▶ MATERIAL FOR THIS TASK:

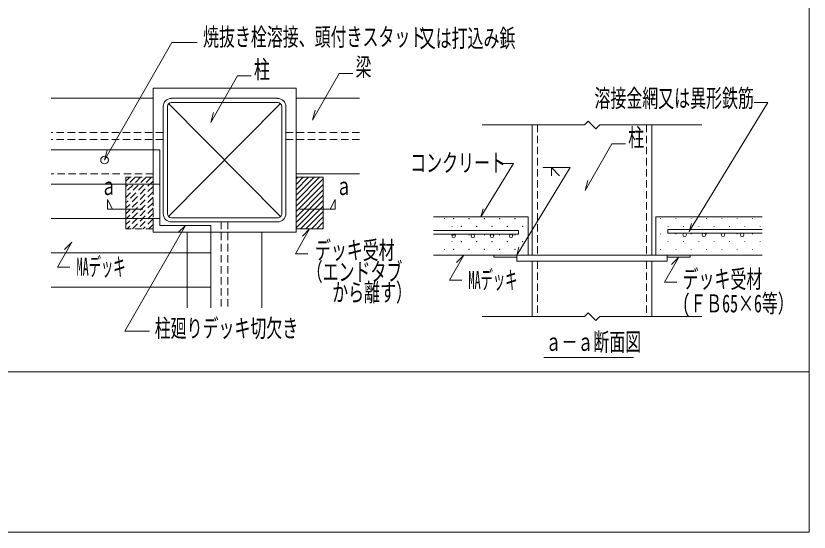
# Model space of a CAD drawing. Units: millimetres, scale not verified. Extents: x -2848 to 2848, y -2045 to 2045.
# Drawn here: x 1814 to 2848, y -2045 to -1371 of the extents above; entities that cross this region are included whole.
import ezdxf
from ezdxf.enums import TextEntityAlignment as Align

# ---------------------------------------------------------------- set-up
doc = ezdxf.new("R2010")
doc.units = ezdxf.units.MM
doc.header["$LTSCALE"] = 8
doc.linetypes.add('DASHED1', pattern=[1.8, 1.2, -0.6])
for name, color, linetype, lineweight in [('0-0_特記', 4, 'Continuous', 9), ('0-4_16', 7, 'Continuous', 18), ('0-7_64', 3, 'Continuous', 18)]:
    doc.layers.add(name, color=color, linetype=linetype, lineweight=lineweight)
doc.layers.add('0-9_96', color=7, linetype='Continuous')
doc.styles.add('ＭＳ ゴシック', font='')
doc.styles.get('ＭＳ ゴシック').set_extended_font_data('MS Gothic')

msp = doc.modelspace()

# ---------------------------------------------------------------- linework, layer by layer
at = {"layer": '0-0_特記'}
for p, q in [((1929.136, -1559.258), (2016.878, -1405.904)), ((2050.222, -1405.904), (2016.878, -1405.904)), ((2200.518, -1506.957), (2235.338, -1446.1)), ((2235.338, -1446.1), (2253.093, -1446.1)), ((2067.969, -1510.074), (2102.789, -1449.217)), ((2102.789, -1449.217), (2120.543, -1449.217)), ((2178.967, -1465.202), (1992.545, -1465.202)), ((1992.545, -1465.202), (1992.545, -1595.075)), ((2178.967, -1653.315), (2178.967, -1465.202)), ((1992.545, -1478.638), (1859.386, -1478.638)), ((2154.999, -1478.638), (2016.514, -1478.638)), ((2178.967, -1478.638), (2261.776, -1478.638)), ((2005.861, -1489.388), (2005.861, -1629.13)), ((2011.186, -1629.13), (2011.186, -1489.388)), ((2012.747, -1632.93), (2158.766, -1485.587)), ((2012.747, -1485.587), (2158.766, -1632.93)), ((2154.999, -1484.014), (2016.514, -1484.014)), ((2160.326, -1629.13), (2160.326, -1489.388)), ((2165.652, -1489.388), (2165.652, -1629.13)), ((2794.484, -1484.043), (2691.801, -1652.483)), ((2794.484, -1484.043), (2776.729, -1484.043)), ((2067.969, -1510.074), (2071.416, -1497.094)), ((2200.518, -1506.957), (2203.965, -1493.978)), ((2556.098, -1598.728), (2590.918, -1537.871)), ((2590.918, -1537.871), (2608.673, -1537.871)), ((1929.136, -1559.258), (1932.582, -1546.279)), ((2462.615, -1563.678), (2420.181, -1633.286)), ((2462.615, -1563.678), (2444.86, -1563.678)), ((2536.494, -1569.055), (2466.857, -1683.286)), ((2536.494, -1569.055), (2501.086, -1569.055)), ((1957.035, -1648.837), (1957.035, -1581.653)), ((2209.567, -1581.653), (2178.961, -1612.259)), ((2202.496, -1581.653), (2178.962, -1605.187)), ((2195.425, -1581.653), (2178.964, -1598.114)), ((2188.354, -1581.653), (2178.966, -1591.042)), ((2178.967, -1577.174), (2261.776, -1577.174)), ((2178.967, -1581.653), (2214.477, -1581.653)), ((2181.283, -1581.653), (2178.967, -1583.969)), ((2214.477, -1648.837), (2214.477, -1581.653)), ((2214.477, -1590.886), (2178.958, -1626.405)), ((2214.477, -1583.814), (2178.959, -1619.332)), ((2556.098, -1598.728), (2559.546, -1585.749)), ((2214.477, -1597.957), (2178.956, -1633.478)), ((2214.477, -1612.098), (2178.953, -1647.622)), ((2214.477, -1605.028), (2178.954, -1640.55)), ((2214.477, -1619.17), (2184.81, -1648.837)), ((2423.118, -1622.601), (2420.181, -1633.286)), ((2016.514, -1634.504), (2154.999, -1634.504)), ((2214.477, -1626.241), (2191.881, -1648.837)), ((2214.477, -1633.312), (2198.952, -1648.837)), ((1955.754, -1782.36), (2034.711, -1644.358)), ((1992.545, -1639.932), (1992.545, -1653.315)), ((2016.514, -1639.878), (2154.999, -1639.878)), ((2034.711, -1644.358), (2025.296, -1653.859)), ((2214.477, -1640.383), (2206.023, -1648.837)), ((2694.738, -1641.798), (2691.801, -1652.483)), ((1992.545, -1653.315), (2178.967, -1653.315)), ((2036.931, -1653.315), (2036.931, -1751.851)), ((2134.582, -1653.315), (2134.582, -1751.851)), ((2178.074, -1681.416), (2196.714, -1648.837)), ((2178.953, -1648.837), (2214.477, -1648.837)), ((2178.967, -1648.837), (2178.967, -1648.815)), ((2196.714, -1648.837), (2187.299, -1658.338)), ((2214.477, -1647.454), (2213.094, -1648.837)), ((1867.808, -1698.724), (1886.449, -1666.145)), ((1886.449, -1666.145), (1877.033, -1675.646)), ((2469.793, -1672.601), (2466.857, -1683.286)), ((2194.357, -1681.416), (2178.074, -1681.416)), ((2379.041, -1715.866), (2397.681, -1683.286)), ((2397.681, -1683.286), (2388.266, -1692.787)), ((2659.638, -1718.366), (2678.279, -1685.786)), ((2678.279, -1685.786), (2668.863, -1695.287)), ((1884.09, -1698.724), (1867.808, -1698.724)), ((2395.323, -1715.866), (2379.041, -1715.866)), ((2675.921, -1718.366), (2659.638, -1718.366)), ((1987.658, -1782.36), (1955.754, -1782.36))]:
    msp.add_line(p, q, dxfattribs=at)
at = {"layer": '0-0_特記', "color": 2, "lineweight": 18}
for p, q in [((2421.857, -1513.286), (2555.068, -1513.286)), ((2486.857, -1513.286), (2486.857, -1683.286)), ((2575.068, -1513.286), (2708.279, -1513.286)), ((2643.279, -1513.286), (2643.279, -1683.286)), ((1992.545, -1545.822), (1859.386, -1545.822)), ((2001.422, -1545.822), (1992.545, -1545.822)), ((2001.422, -1545.822), (2001.422, -1644.358)), ((1992.545, -1590.61), (1859.386, -1590.61)), ((2001.422, -1590.61), (1992.545, -1590.61)), ((1933.172, -1610.562), (1933.172, -1623.038)), ((1933.172, -1610.562), (1939.516, -1623.038)), ((2229.927, -1610.562), (2223.583, -1623.038)), ((2229.927, -1610.562), (2229.927, -1623.038)), ((1979.053, -1623.038), (1933.172, -1623.038)), ((2184.046, -1623.038), (2229.927, -1623.038)), ((2358.506, -1633.286), (2481.857, -1633.286)), ((2481.857, -1633.286), (2481.857, -1683.286)), ((2648.279, -1633.286), (2786.969, -1633.286)), ((2648.279, -1633.286), (2648.279, -1683.286)), ((1992.545, -1635.4), (1859.386, -1635.4)), ((2001.422, -1635.4), (1992.545, -1635.4)), ((2001.422, -1644.358), (2068.002, -1644.358)), ((2068.002, -1644.358), (2068.002, -1653.315)), ((2068.002, -1653.315), (2068.002, -1751.851)), ((2068.002, -1680.189), (1859.386, -1680.189)), ((2436.857, -1683.286), (2358.506, -1683.286)), ((2466.857, -1683.286), (2436.857, -1683.286)), ((2436.857, -1683.286), (2436.857, -1685.786)), ((2466.857, -1685.786), (2436.857, -1685.786)), ((2466.857, -1683.286), (2663.279, -1683.286)), ((2466.857, -1683.286), (2466.857, -1691.286)), ((2663.279, -1683.286), (2663.279, -1691.286)), ((2663.279, -1683.286), (2693.279, -1683.286)), ((2663.279, -1685.786), (2693.279, -1685.786)), ((2693.279, -1683.286), (2786.969, -1683.286)), ((2693.279, -1683.286), (2693.279, -1685.786)), ((2466.857, -1691.286), (2663.279, -1691.286)), ((2486.857, -1691.286), (2486.857, -1763.286)), ((2643.279, -1691.286), (2643.279, -1763.286)), ((2068.002, -1724.977), (1859.386, -1724.977)), ((2421.857, -1763.286), (2555.068, -1763.286)), ((2575.068, -1763.286), (2708.279, -1763.286))]:
    msp.add_line(p, q, dxfattribs=at)
at = {"layer": '0-0_特記', "linetype": 'DASHED1'}
for p, q in [((2493.857, -1513.286), (2493.857, -1683.286)), ((2636.279, -1513.286), (2636.279, -1683.286)), ((2005.861, -1523.427), (1859.386, -1523.427)), ((2165.652, -1523.427), (2261.776, -1523.427)), ((2005.861, -1532.386), (1859.386, -1532.386)), ((2165.652, -1532.386), (2261.776, -1532.386)), ((1992.545, -1577.174), (1859.386, -1577.174)), ((1992.545, -1581.653), (1957.035, -1581.653)), ((1990.364, -1581.653), (1957.035, -1614.982)), ((1983.293, -1581.653), (1957.035, -1607.91)), ((1976.222, -1581.653), (1957.035, -1600.839)), ((1969.151, -1581.653), (1957.035, -1593.769)), ((1962.08, -1581.653), (1957.035, -1586.698)), ((1992.546, -1586.542), (1957.035, -1622.053)), ((1992.548, -1593.611), (1957.035, -1629.124)), ((1992.55, -1600.681), (1957.035, -1636.195)), ((1992.545, -1595.075), (1992.545, -1635.446)), ((1992.551, -1607.75), (1957.035, -1643.266)), ((1992.553, -1614.82), (1958.536, -1648.837)), ((1992.554, -1621.89), (1965.607, -1648.837)), ((1992.556, -1628.959), (1972.678, -1648.837)), ((1992.558, -1636.029), (1979.749, -1648.837)), ((1992.559, -1643.098), (1986.82, -1648.837)), ((2081.318, -1639.878), (2081.318, -1751.851)), ((2090.194, -1639.878), (2090.194, -1751.851)), ((1992.56, -1648.837), (1957.035, -1648.837)), ((1992.545, -1648.837), (1992.545, -1648.815)), ((2493.857, -1691.286), (2493.857, -1763.286)), ((2636.279, -1691.286), (2636.279, -1763.286))]:
    msp.add_line(p, q, dxfattribs=at)
at = {"layer": '0-0_特記', "color": 7, "linetype": 'DASHED1', "lineweight": 18}
msp.add_line((1927.606, -1590.61), (1927.474, -1590.61), dxfattribs=at)
at = {"layer": '0-0_特記', "color": 7, "lineweight": 18}
msp.add_line((2502.146, -1816.819), (2619.32, -1816.819), dxfattribs=at)
at = {"layer": '0-0_特記', "color": 2, "lineweight": 18}
for points in [[(2575.068, -1513.286), (2570.068, -1518.286), (2560.068, -1508.286), (2555.068, -1513.286)], [(2575.068, -1763.286), (2570.068, -1768.286), (2560.068, -1758.286), (2555.068, -1763.286)]]:
    msp.add_lwpolyline(points, dxfattribs=at)
at = {"layer": '0-0_特記'}
msp.add_lwpolyline([(2512.288, -1579.567), (2512.288, -1569.055), (2522.706, -1579.567)], dxfattribs=at)
at = {"layer": '0-0_特記', "linetype": 'DASHED1'}
msp.add_lwpolyline([(1992.545, -1635.446), (1992.545, -1635.451), (1992.545, -1639.932)], dxfattribs=at)
at = {"layer": '0-0_特記'}
for centre, radius in [((1929.136, -1559.258), 5), ((2372.666, -1635.65), 0.1), ((2384.606, -1635.65), 0.1), ((2404.606, -1635.65), 0.1), ((2424.606, -1635.65), 0.1), ((2444.606, -1635.65), 0.1), ((2464.606, -1635.65), 0.1), ((2654.379, -1635.65), 0.1), ((2674.379, -1635.65), 0.1), ((2694.379, -1635.65), 0.1), ((2714.379, -1635.65), 0.1), ((2734.379, -1635.65), 0.1), ((2754.379, -1635.65), 0.1), ((2774.379, -1635.65), 0.1), ((2382.666, -1645.65), 0.1), ((2394.606, -1645.65), 0.1), ((2414.606, -1645.65), 0.1), ((2434.606, -1645.65), 0.1), ((2454.606, -1645.65), 0.1), ((2474.606, -1645.65), 0.1), ((2654.379, -1655.65), 0.1), ((2664.379, -1645.65), 0.1), ((2674.379, -1655.65), 0.1), ((2684.379, -1645.65), 0.1), ((2694.379, -1655.65), 0.1), ((2704.379, -1645.65), 0.1), ((2714.379, -1655.65), 0.1), ((2724.379, -1645.65), 0.1), ((2744.379, -1645.65), 0.1), ((2754.379, -1655.65), 0.1), ((2764.379, -1645.65), 0.1), ((2774.379, -1655.65), 0.1), ((2784.379, -1645.65), 0.1), ((2372.666, -1657.066), 0.1), ((2382.666, -1665.65), 0.1), ((2384.606, -1657.066), 0.1), ((2394.606, -1665.65), 0.1), ((2404.606, -1657.066), 0.1), ((2414.606, -1665.65), 0.1), ((2424.606, -1657.066), 0.1), ((2434.606, -1665.65), 0.1), ((2444.606, -1657.066), 0.1), ((2454.606, -1665.65), 0.1), ((2464.606, -1657.066), 0.1), ((2474.606, -1665.65), 0.1), ((2664.379, -1665.65), 0.1), ((2684.379, -1665.65), 0.1), ((2704.379, -1665.65), 0.1), ((2724.379, -1665.65), 0.1), ((2744.379, -1665.65), 0.1), ((2764.379, -1665.65), 0.1), ((2784.379, -1665.65), 0.1), ((2372.666, -1675.65), 0.1), ((2384.606, -1675.65), 0.1), ((2404.606, -1675.65), 0.1), ((2424.606, -1675.65), 0.1), ((2444.606, -1675.65), 0.1), ((2464.606, -1675.65), 0.1), ((2654.379, -1675.65), 0.1), ((2674.379, -1675.65), 0.1), ((2694.379, -1675.65), 0.1), ((2714.379, -1675.65), 0.1), ((2734.379, -1675.65), 0.1), ((2754.379, -1675.65), 0.1), ((2774.379, -1675.65), 0.1)]:
    msp.add_circle(centre, radius, dxfattribs=at)
for centre, major_axis, start_param, end_param in [((2016.514, -1489.388), (10.75, 0), 1.57079633, 3.1415752), ((2154.999, -1489.388), (10.75, 0), 6.28318531, 7.85398163), ((2016.514, -1489.388), (5.374, 0), 1.57079633, 3.14159265), ((2154.999, -1489.388), (5.374, 0), 6.28318531, 7.85398163), ((2016.514, -1629.13), (10.75, 0), 3.14159265, 4.71237153), ((2016.514, -1629.13), (5.374, 0), 3.14159265, 4.71237153), ((2154.999, -1629.13), (5.374, 0), 4.71237153, 6.28318531), ((2154.999, -1629.13), (10.75, 0), 4.71237153, 6.28318531)]:
    msp.add_ellipse(centre, major_axis=major_axis, ratio=0.991012, start_param=start_param, end_param=end_param, dxfattribs=at)
at = {"layer": '0-0_特記', "color": 2, "lineweight": 18}
for centre in [(2685.954, -1656.756), (2710.954, -1656.756), (2735.954, -1656.756), (2760.954, -1656.756), (2384.552, -1658.172), (2409.552, -1658.172), (2434.552, -1658.172), (2459.552, -1658.172)]:
    msp.add_ellipse(centre, major_axis=(2.239, 0), ratio=0.991012, dxfattribs=at)
at = {"layer": '0-4_16'}
for p, q in [((2848.301, -2044.544), (2848.301, 2044.544)), ((2358.506, -1650.958), (2469.363, -1650.958)), ((2469.363, -1650.958), (2469.363, -1655.958)), ((2664.097, -1649.958), (2786.969, -1649.958)), ((2664.097, -1649.958), (2664.097, -1654.542)), ((2664.097, -1654.542), (2786.969, -1654.542)), ((2358.506, -1655.958), (2469.363, -1655.958))]:
    msp.add_line(p, q, dxfattribs=at)
at = {"layer": '0-4_16', "color": 2}
msp.add_line((-2848.301, -1835.456), (2848.301, -1835.456), dxfattribs=at)
at = {"layer": '0-7_64', "color": 7}
msp.add_line((-2848.301, -2044.544), (2848.301, -2044.544), dxfattribs=at)

# ---------------------------------------------------------------- texts
at = {"layer": '0-0_特記', "color": 7, "style": 'ＭＳ ゴシック', "width": 0.65}
for s, p in [('焼抜き栓溶接、頭付きスタッド', (2057.678, -1417.276)), ('柱', (2124.117, -1459.808)), ('梁', (2256.666, -1456.692)), ('溶接金網又は異形鉄筋', (2568.294, -1497.258)), ('柱', (2612.247, -1548.462)), ('コンクリート', (2327.974, -1581.527)), ('ａ', (1924.108, -1611.86)), ('ａ', (2230.846, -1611.86)), ('デッキ受材', (2203.646, -1695.53)), ('（エンドタブ', (2192.93, -1723.75)), ('デッキ受材', (2683.171, -1733.162)), ('から離す）', (2226.177, -1750.538)), ('(ＦＢ65×6等）', (2682.822, -1764.946)), ('柱廻りデッキ切欠き', (1994.622, -1797.316)), (' ａ－ａ断面図', (2493.986, -1815.162))]:
    msp.add_text(s, height=23.46, dxfattribs=at).set_placement(p, align=Align.BOTTOM_LEFT)
at = {"layer": '0-9_96', "style": 'ＭＳ ゴシック'}
for s, width, p in [('又は打込み鋲', 0.65, (2340.339, -1419.018)), ('MAデッキ', 0.5, (1892.634, -1717.154)), ('MAデッキ', 0.5, (2403.867, -1734.296))]:
    msp.add_text(s, height=23.46, dxfattribs=dict(at, width=width)).set_placement(p, align=Align.BOTTOM_LEFT)

doc.saveas('drawing.dxf')

▶ EXERCISE PROMPT: Wherever the string "layers" appears in the data above, report the whole line.

▶ EXPECTED OUTPUT:
    doc.layers.add(name, color=color, linetype=linetype, lineweight=lineweight)
doc.layers.add('0-9_96', color=7, linetype='Continuous')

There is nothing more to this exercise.